◆ Exercise prompt ◆
After locating the line with "Constant/1 -> Mux/2", retype it and every later line exactly, stopping at the end of the records.
====== Data section
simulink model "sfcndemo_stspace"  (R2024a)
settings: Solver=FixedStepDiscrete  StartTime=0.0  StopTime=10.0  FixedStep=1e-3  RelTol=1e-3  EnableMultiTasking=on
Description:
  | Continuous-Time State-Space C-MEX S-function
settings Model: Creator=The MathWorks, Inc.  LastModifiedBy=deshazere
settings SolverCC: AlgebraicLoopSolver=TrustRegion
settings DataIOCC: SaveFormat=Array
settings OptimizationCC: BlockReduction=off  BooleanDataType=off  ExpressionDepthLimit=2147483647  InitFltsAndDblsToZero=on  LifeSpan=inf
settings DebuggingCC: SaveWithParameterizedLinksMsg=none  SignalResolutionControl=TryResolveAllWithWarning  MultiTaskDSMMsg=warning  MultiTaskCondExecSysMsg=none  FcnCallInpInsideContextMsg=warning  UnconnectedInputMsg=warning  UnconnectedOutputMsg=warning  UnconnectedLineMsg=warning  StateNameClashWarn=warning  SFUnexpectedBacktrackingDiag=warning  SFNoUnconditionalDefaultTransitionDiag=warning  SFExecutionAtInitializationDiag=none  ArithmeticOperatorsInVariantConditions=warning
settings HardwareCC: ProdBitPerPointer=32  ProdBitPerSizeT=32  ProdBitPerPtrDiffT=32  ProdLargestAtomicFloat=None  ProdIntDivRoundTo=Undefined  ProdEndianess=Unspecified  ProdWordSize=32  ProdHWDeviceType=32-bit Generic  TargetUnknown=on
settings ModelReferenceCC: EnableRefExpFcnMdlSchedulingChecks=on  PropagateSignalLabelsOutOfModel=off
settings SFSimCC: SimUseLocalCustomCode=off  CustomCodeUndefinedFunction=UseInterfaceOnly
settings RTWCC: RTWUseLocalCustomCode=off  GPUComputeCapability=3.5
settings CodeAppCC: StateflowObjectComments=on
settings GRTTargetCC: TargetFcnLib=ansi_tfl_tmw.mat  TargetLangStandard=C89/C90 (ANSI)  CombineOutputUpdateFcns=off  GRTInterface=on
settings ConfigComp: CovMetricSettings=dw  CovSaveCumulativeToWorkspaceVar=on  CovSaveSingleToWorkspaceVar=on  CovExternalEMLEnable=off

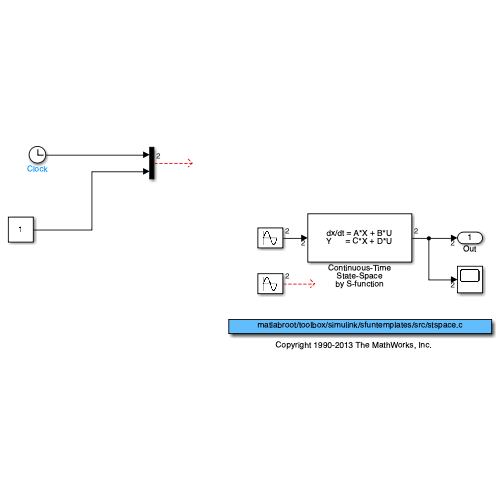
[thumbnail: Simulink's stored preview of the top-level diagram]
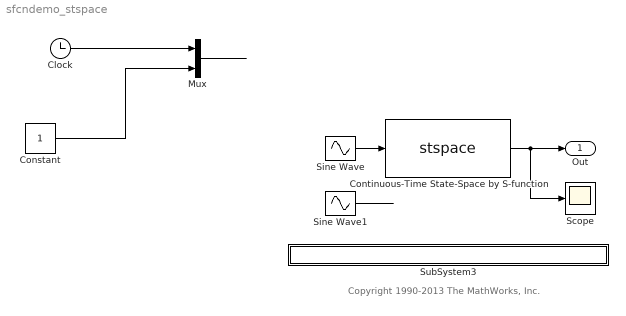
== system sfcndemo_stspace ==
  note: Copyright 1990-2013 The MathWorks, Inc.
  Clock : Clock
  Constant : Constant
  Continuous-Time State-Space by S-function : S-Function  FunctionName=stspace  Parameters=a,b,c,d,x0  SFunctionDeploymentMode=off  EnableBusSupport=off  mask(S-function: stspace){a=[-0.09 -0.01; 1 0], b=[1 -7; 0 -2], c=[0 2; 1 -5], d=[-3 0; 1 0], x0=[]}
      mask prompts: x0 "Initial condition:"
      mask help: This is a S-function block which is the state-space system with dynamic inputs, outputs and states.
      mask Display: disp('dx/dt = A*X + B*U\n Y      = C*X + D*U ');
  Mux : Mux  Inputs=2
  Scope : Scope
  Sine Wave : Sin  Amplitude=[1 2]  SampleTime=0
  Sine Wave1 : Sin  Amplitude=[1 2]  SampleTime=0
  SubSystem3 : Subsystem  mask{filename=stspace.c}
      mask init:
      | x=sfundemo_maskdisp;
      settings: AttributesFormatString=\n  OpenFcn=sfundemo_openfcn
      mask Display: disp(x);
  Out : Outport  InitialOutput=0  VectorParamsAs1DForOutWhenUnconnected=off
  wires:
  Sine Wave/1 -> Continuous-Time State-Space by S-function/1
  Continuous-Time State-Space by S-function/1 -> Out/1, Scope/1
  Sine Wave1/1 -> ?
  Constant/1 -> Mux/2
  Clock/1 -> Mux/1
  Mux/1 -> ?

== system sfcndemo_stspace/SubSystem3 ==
============
◆ Result for this task ◆
  Constant/1 -> Mux/2
  Clock/1 -> Mux/1
  Mux/1 -> ?

== system sfcndemo_stspace/SubSystem3 ==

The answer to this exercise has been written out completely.